- _WORK ITEM_
Which lines of the records below contain the string "layers"? Report each of them.

*** Begin section ***

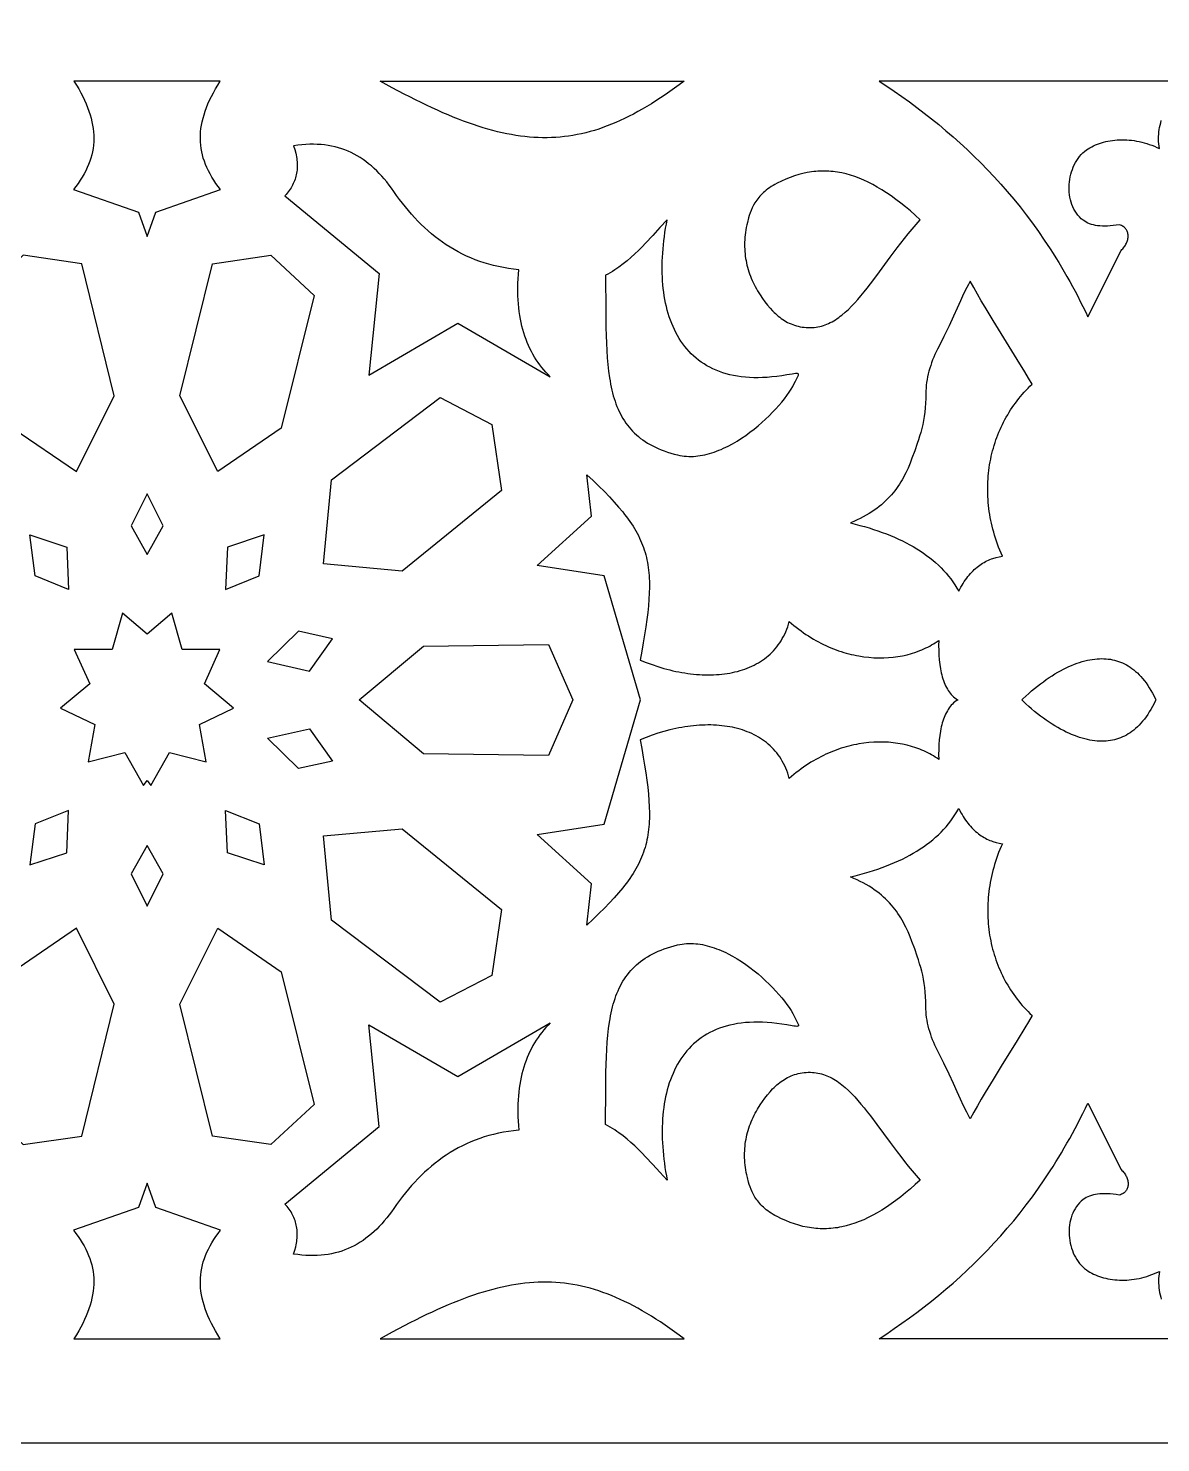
# Model space of a CAD drawing. Extents: x -580 to 580, y -400 to 400.
# Drawn here: x 300.7 to 354.8, y -365 to -297.5 of the extents above; entities that cross this region are included whole.
import ezdxf

# ---------------------------------------------------------------- set-up
doc = ezdxf.new("R2010")
doc.units = 0
doc.layers.add('LAYER_1', color=18, linetype='CONTINUOUS')
doc.layers.add('LAYER_2', color=174, linetype='CONTINUOUS')

msp = doc.modelspace()

# ---------------------------------------------------------------- linework, layer by layer
at = {"layer": 'LAYER_1'}
for points in [[(306.416, -307.461), (306.83, -306.295), (309.927, -305.219), (309.811, -305.069), (309.703, -304.919), (309.602, -304.77), (309.508, -304.62), (309.422, -304.47), (309.343, -304.319), (309.271, -304.169), (309.207, -304.018), (309.15, -303.866), (309.1, -303.714), (309.058, -303.561), (309.023, -303.407), (308.996, -303.253), (308.976, -303.097), (308.963, -302.941), (308.958, -302.784), (308.961, -302.625), (308.971, -302.465), (308.988, -302.303), (309.014, -302.14), (309.046, -301.976), (309.086, -301.81), (309.134, -301.642), (309.189, -301.473), (309.252, -301.301), (309.323, -301.128), (309.401, -300.952), (309.487, -300.775), (309.58, -300.595), (309.681, -300.412), (309.79, -300.228), (309.906, -300.041), (306.416, -300.041), (302.927, -300.041), (303.043, -300.228), (303.152, -300.412), (303.253, -300.595), (303.346, -300.775), (303.432, -300.952), (303.51, -301.128), (303.58, -301.301), (303.643, -301.473), (303.699, -301.642), (303.746, -301.81), (303.787, -301.976), (303.819, -302.14), (303.844, -302.303), (303.862, -302.465), (303.872, -302.625), (303.874, -302.784), (303.869, -302.941), (303.857, -303.097), (303.837, -303.253), (303.81, -303.407), (303.775, -303.561), (303.733, -303.714), (303.683, -303.866), (303.626, -304.018), (303.562, -304.169), (303.49, -304.319), (303.411, -304.47), (303.325, -304.62), (303.231, -304.77), (303.13, -304.919), (303.021, -305.069), (302.906, -305.219), (306.003, -306.295)], [(332.036, -300.041), (331.807, -300.212), (331.581, -300.378), (331.356, -300.538), (331.134, -300.692), (330.913, -300.84), (330.694, -300.983), (330.477, -301.12), (330.261, -301.251), (330.047, -301.377), (329.834, -301.497), (329.623, -301.611), (329.412, -301.72), (329.203, -301.823), (328.995, -301.921), (328.787, -302.013), (328.58, -302.099), (328.374, -302.18), (328.169, -302.256), (327.964, -302.326), (327.759, -302.39), (327.554, -302.449), (327.35, -302.503), (327.145, -302.551), (326.941, -302.593), (326.736, -302.631), (326.531, -302.662), (326.326, -302.689), (326.12, -302.71), (325.914, -302.726), (325.707, -302.737), (325.499, -302.742), (325.29, -302.742), (325.081, -302.736), (324.87, -302.726), (324.658, -302.71), (324.445, -302.689), (324.23, -302.662), (324.014, -302.631), (323.797, -302.594), (323.577, -302.552), (323.356, -302.505), (323.133, -302.453), (322.908, -302.396), (322.681, -302.334), (322.451, -302.266), (322.22, -302.194), (321.986, -302.116), (321.749, -302.034), (321.51, -301.946), (321.268, -301.853), (321.023, -301.756), (320.776, -301.653), (320.525, -301.546), (320.271, -301.433), (320.014, -301.316), (319.754, -301.194), (319.49, -301.066), (319.223, -300.934), (318.952, -300.797), (318.677, -300.656), (318.116, -300.358), (317.539, -300.041)], [(325.653, -314.152), (325.547, -314.044), (325.446, -313.934), (325.347, -313.82), (325.252, -313.703), (325.16, -313.583), (325.072, -313.46), (324.987, -313.334), (324.906, -313.205), (324.829, -313.072), (324.755, -312.937), (324.685, -312.798), (324.618, -312.655), (324.556, -312.509), (324.497, -312.36), (324.442, -312.207), (324.392, -312.051), (324.345, -311.891), (324.302, -311.728), (324.263, -311.561), (324.229, -311.39), (324.198, -311.215), (324.172, -311.037), (324.15, -310.855), (324.133, -310.669), (324.12, -310.479), (324.111, -310.286), (324.106, -310.088), (324.107, -309.886), (324.111, -309.68), (324.121, -309.47), (324.135, -309.256), (324.153, -309.038), (323.904, -309.011), (323.659, -308.978), (323.419, -308.937), (323.184, -308.891), (322.953, -308.837), (322.726, -308.778), (322.504, -308.711), (322.287, -308.639), (322.074, -308.561), (321.864, -308.476), (321.659, -308.386), (321.459, -308.29), (321.262, -308.188), (321.069, -308.081), (320.88, -307.968), (320.694, -307.85), (320.513, -307.726), (320.335, -307.597), (320.16, -307.464), (319.989, -307.325), (319.822, -307.181), (319.658, -307.032), (319.497, -306.879), (319.339, -306.721), (319.185, -306.559), (319.033, -306.392), (318.885, -306.221), (318.74, -306.046), (318.597, -305.866), (318.457, -305.683), (318.32, -305.496), (318.186, -305.305), (318.076, -305.148), (317.963, -304.997), (317.849, -304.851), (317.732, -304.71), (317.614, -304.575), (317.493, -304.445), (317.371, -304.321), (317.245, -304.202), (317.118, -304.088), (316.988, -303.98), (316.856, -303.878), (316.721, -303.781), (316.584, -303.69), (316.444, -303.605), (316.302, -303.526), (316.156, -303.453), (316.008, -303.386), (315.857, -303.325), (315.703, -303.269), (315.546, -303.22), (315.386, -303.178), (315.223, -303.141), (315.057, -303.111), (314.888, -303.087), (314.715, -303.069), (314.539, -303.058), (314.359, -303.053), (314.176, -303.055), (313.99, -303.064), (313.8, -303.079), (313.606, -303.101), (313.409, -303.13), (313.465, -303.306), (313.51, -303.477), (313.529, -303.562), (313.544, -303.646), (313.557, -303.729), (313.567, -303.811), (313.575, -303.892), (313.58, -303.972), (313.582, -304.051), (313.581, -304.13), (313.578, -304.207), (313.571, -304.284), (313.562, -304.36), (313.551, -304.434), (313.536, -304.508), (313.519, -304.581), (313.499, -304.654), (313.477, -304.725), (313.452, -304.795), (313.423, -304.865), (313.393, -304.933), (313.359, -305.001), (313.323, -305.068), (313.284, -305.134), (313.242, -305.199), (313.198, -305.263), (313.15, -305.326), (313.101, -305.389), (313.048, -305.45), (312.993, -305.511), (317.49, -309.214), (316.99, -314.064), (321.238, -311.595)], [(343.31, -306.657), (343.073, -306.441), (342.838, -306.235), (342.606, -306.041), (342.376, -305.857), (342.148, -305.683), (341.923, -305.521), (341.7, -305.368), (341.479, -305.227), (341.26, -305.096), (341.043, -304.975), (340.827, -304.865), (340.613, -304.766), (340.401, -304.677), (340.189, -304.598), (339.979, -304.529), (339.77, -304.471), (339.562, -304.423), (339.458, -304.403), (339.355, -304.386), (339.251, -304.371), (339.148, -304.358), (339.045, -304.348), (338.942, -304.341), (338.839, -304.336), (338.737, -304.334), (338.634, -304.334), (338.532, -304.337), (338.429, -304.342), (338.327, -304.35), (338.224, -304.36), (338.122, -304.373), (338.019, -304.388), (337.917, -304.406), (337.712, -304.449), (337.507, -304.502), (337.301, -304.565), (337.095, -304.638), (336.889, -304.721), (336.681, -304.813), (336.473, -304.916), (336.377, -304.967), (336.285, -305.02), (336.198, -305.074), (336.115, -305.129), (336.037, -305.185), (335.963, -305.241), (335.893, -305.299), (335.827, -305.357), (335.765, -305.417), (335.706, -305.476), (335.651, -305.537), (335.599, -305.597), (335.551, -305.658), (335.505, -305.72), (335.423, -305.843), (335.352, -305.966), (335.29, -306.089), (335.237, -306.211), (335.191, -306.332), (335.152, -306.45), (335.118, -306.565), (335.06, -306.784), (335.032, -306.904), (335.008, -307.023), (334.986, -307.141), (334.968, -307.258), (334.953, -307.374), (334.941, -307.49), (334.933, -307.605), (334.927, -307.719), (334.925, -307.832), (334.926, -307.945), (334.93, -308.056), (334.936, -308.167), (334.946, -308.277), (334.959, -308.387), (334.975, -308.496), (334.994, -308.604), (335.015, -308.711), (335.04, -308.818), (335.067, -308.924), (335.097, -309.029), (335.13, -309.133), (335.166, -309.237), (335.204, -309.34), (335.246, -309.443), (335.29, -309.545), (335.336, -309.646), (335.385, -309.747), (335.437, -309.847), (335.492, -309.946), (335.549, -310.045), (335.67, -310.241), (335.783, -310.408), (335.898, -310.569), (336.016, -310.722), (336.139, -310.868), (336.265, -311.006), (336.331, -311.072), (336.397, -311.135), (336.465, -311.196), (336.534, -311.255), (336.604, -311.31), (336.676, -311.364), (336.749, -311.414), (336.824, -311.462), (336.901, -311.507), (336.979, -311.549), (337.059, -311.589), (337.141, -311.625), (337.225, -311.658), (337.31, -311.687), (337.398, -311.714), (337.487, -311.737), (337.579, -311.756), (337.672, -311.772), (337.768, -311.784), (337.866, -311.793), (337.966, -311.798), (338.069, -311.799), (338.16, -311.796), (338.251, -311.789), (338.34, -311.779), (338.428, -311.764), (338.515, -311.746), (338.601, -311.724), (338.686, -311.698), (338.77, -311.669), (338.853, -311.637), (338.936, -311.601), (339.017, -311.561), (339.099, -311.519), (339.179, -311.473), (339.259, -311.424), (339.338, -311.373), (339.416, -311.318), (339.494, -311.26), (339.572, -311.2), (339.726, -311.071), (339.878, -310.932), (340.029, -310.783), (340.179, -310.624), (340.329, -310.458), (340.479, -310.283), (340.629, -310.101), (340.779, -309.912), (340.93, -309.717), (341.236, -309.31), (341.872, -308.447), (342.207, -308.001), (342.38, -307.776), (342.556, -307.551), (342.737, -307.325), (342.923, -307.101), (343.114, -306.878)], [(336.944, -314.056), (336.701, -314.096), (336.465, -314.129), (336.233, -314.155), (336.008, -314.174), (335.788, -314.186), (335.573, -314.191), (335.364, -314.19), (335.16, -314.182), (334.962, -314.168), (334.769, -314.147), (334.582, -314.12), (334.399, -314.087), (334.222, -314.048), (334.051, -314.003), (333.884, -313.953), (333.723, -313.896), (333.566, -313.835), (333.415, -313.767), (333.269, -313.695), (333.127, -313.617), (332.991, -313.534), (332.86, -313.446), (332.733, -313.353), (332.611, -313.255), (332.494, -313.153), (332.382, -313.046), (332.274, -312.935), (332.171, -312.819), (332.073, -312.699), (331.979, -312.575), (331.89, -312.446), (331.805, -312.314), (331.725, -312.178), (331.649, -312.039), (331.578, -311.895), (331.511, -311.749), (331.448, -311.598), (331.389, -311.445), (331.335, -311.288), (331.285, -311.128), (331.239, -310.966), (331.197, -310.8), (331.159, -310.632), (331.125, -310.461), (331.095, -310.288), (331.069, -310.112), (331.047, -309.934), (331.029, -309.753), (331.015, -309.571), (331.005, -309.386), (330.998, -309.2), (330.995, -309.012), (330.995, -308.822), (331, -308.631), (331.008, -308.438), (331.019, -308.244), (331.034, -308.049), (331.052, -307.853), (331.074, -307.655), (331.099, -307.457), (331.128, -307.258), (331.16, -307.058), (331.195, -306.858), (331.233, -306.657), (330.885, -307.032), (330.545, -307.403), (330.206, -307.767), (330.035, -307.944), (329.861, -308.118), (329.685, -308.287), (329.505, -308.452), (329.32, -308.611), (329.129, -308.764), (328.933, -308.911), (328.832, -308.982), (328.729, -309.051), (328.624, -309.118), (328.517, -309.182), (328.408, -309.245), (328.297, -309.306), (328.301, -311.013), (328.304, -311.412), (328.31, -311.799), (328.319, -312.175), (328.332, -312.54), (328.349, -312.893), (328.372, -313.236), (328.401, -313.567), (328.437, -313.886), (328.48, -314.194), (328.505, -314.344), (328.532, -314.491), (328.561, -314.635), (328.593, -314.777), (328.627, -314.915), (328.663, -315.051), (328.702, -315.184), (328.744, -315.313), (328.789, -315.441), (328.837, -315.565), (328.887, -315.686), (328.941, -315.805), (328.998, -315.92), (329.058, -316.033), (329.122, -316.143), (329.189, -316.25), (329.26, -316.354), (329.334, -316.455), (329.412, -316.554), (329.494, -316.649), (329.58, -316.742), (329.669, -316.832), (329.763, -316.918), (329.862, -317.002), (329.964, -317.084), (330.071, -317.162), (330.182, -317.237), (330.298, -317.31), (330.419, -317.379), (330.544, -317.446), (330.674, -317.51), (330.809, -317.571), (330.949, -317.629), (331.095, -317.684), (331.245, -317.736), (331.401, -317.785), (331.562, -317.832), (331.729, -317.875), (331.835, -317.899), (331.941, -317.917), (332.048, -317.931), (332.156, -317.941), (332.264, -317.946), (332.373, -317.947), (332.482, -317.943), (332.592, -317.935), (332.702, -317.923), (332.813, -317.907), (332.923, -317.888), (333.034, -317.865), (333.145, -317.838), (333.256, -317.808), (333.367, -317.774), (333.478, -317.737), (333.588, -317.697), (333.699, -317.654), (333.809, -317.608), (333.919, -317.559), (334.028, -317.508), (334.137, -317.454), (334.352, -317.338), (334.565, -317.214), (334.775, -317.082), (334.98, -316.942), (335.181, -316.796), (335.377, -316.645), (335.568, -316.49), (335.753, -316.331), (335.93, -316.169), (336.101, -316.005), (336.264, -315.841), (336.419, -315.677), (336.565, -315.513), (336.702, -315.352), (336.829, -315.193), (336.946, -315.038), (337.052, -314.887), (337.147, -314.742), (337.229, -314.603), (337.299, -314.471), (337.356, -314.348), (337.385, -314.284), (337.413, -314.227), (337.464, -314.133), (337.483, -314.095), (337.495, -314.063), (337.5, -314.037), (337.499, -314.026), (337.496, -314.017), (337.49, -314.009), (337.481, -314.003), (337.453, -313.994), (337.412, -313.991), (337.355, -313.994), (337.282, -314.001), (337.19, -314.015)], [(304.849, -315.054), (303.302, -308.75), (300.508, -308.347), (298.441, -310.262), (300.012, -316.596), (303.046, -318.67)], [(307.983, -315.054), (309.53, -308.75), (312.324, -308.347), (314.391, -310.262), (312.821, -316.596), (309.787, -318.67)], [(348.641, -314.505), (348.472, -314.213), (348.298, -313.917), (347.935, -313.316), (347.172, -312.084), (346.787, -311.46), (346.406, -310.832), (346.221, -310.519), (346.039, -310.205), (345.862, -309.893), (345.69, -309.582), (345.607, -309.736), (345.528, -309.888), (345.379, -310.195), (345.231, -310.516), (345.074, -310.866), (344.897, -311.259), (344.687, -311.708), (344.435, -312.229), (344.289, -312.521), (344.129, -312.836), (344.067, -312.96), (344.008, -313.086), (343.952, -313.215), (343.9, -313.345), (343.85, -313.476), (343.805, -313.609), (343.763, -313.742), (343.725, -313.876), (343.691, -314.011), (343.661, -314.146), (343.635, -314.281), (343.614, -314.415), (343.597, -314.549), (343.585, -314.682), (343.578, -314.814), (343.577, -314.944), (343.574, -315.181), (343.565, -315.408), (343.548, -315.627), (343.526, -315.838), (343.497, -316.041), (343.463, -316.239), (343.424, -316.43), (343.38, -316.617), (343.332, -316.8), (343.28, -316.98), (343.225, -317.157), (343.167, -317.332), (343.044, -317.681), (342.914, -318.033), (342.823, -318.268), (342.725, -318.499), (342.619, -318.726), (342.563, -318.837), (342.505, -318.947), (342.443, -319.056), (342.38, -319.164), (342.313, -319.27), (342.243, -319.375), (342.17, -319.478), (342.094, -319.58), (342.014, -319.681), (341.931, -319.779), (341.844, -319.877), (341.753, -319.972), (341.657, -320.066), (341.558, -320.158), (341.454, -320.249), (341.346, -320.338), (341.233, -320.425), (341.115, -320.51), (340.992, -320.593), (340.864, -320.674), (340.731, -320.753), (340.592, -320.83), (340.447, -320.905), (340.297, -320.978), (340.141, -321.049), (339.979, -321.118), (340.206, -321.175), (340.43, -321.234), (340.651, -321.295), (340.867, -321.36), (341.08, -321.426), (341.288, -321.496), (341.493, -321.569), (341.693, -321.644), (341.889, -321.722), (342.081, -321.803), (342.269, -321.886), (342.453, -321.973), (342.632, -322.063), (342.807, -322.156), (342.977, -322.251), (343.143, -322.35), (343.305, -322.452), (343.461, -322.557), (343.614, -322.666), (343.761, -322.777), (343.904, -322.892), (344.041, -323.01), (344.174, -323.132), (344.302, -323.256), (344.425, -323.385), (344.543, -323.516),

*** End section ***

- _ANSWER BOX_
doc.layers.add('LAYER_1', color=18, linetype='CONTINUOUS')
doc.layers.add('LAYER_2', color=174, linetype='CONTINUOUS')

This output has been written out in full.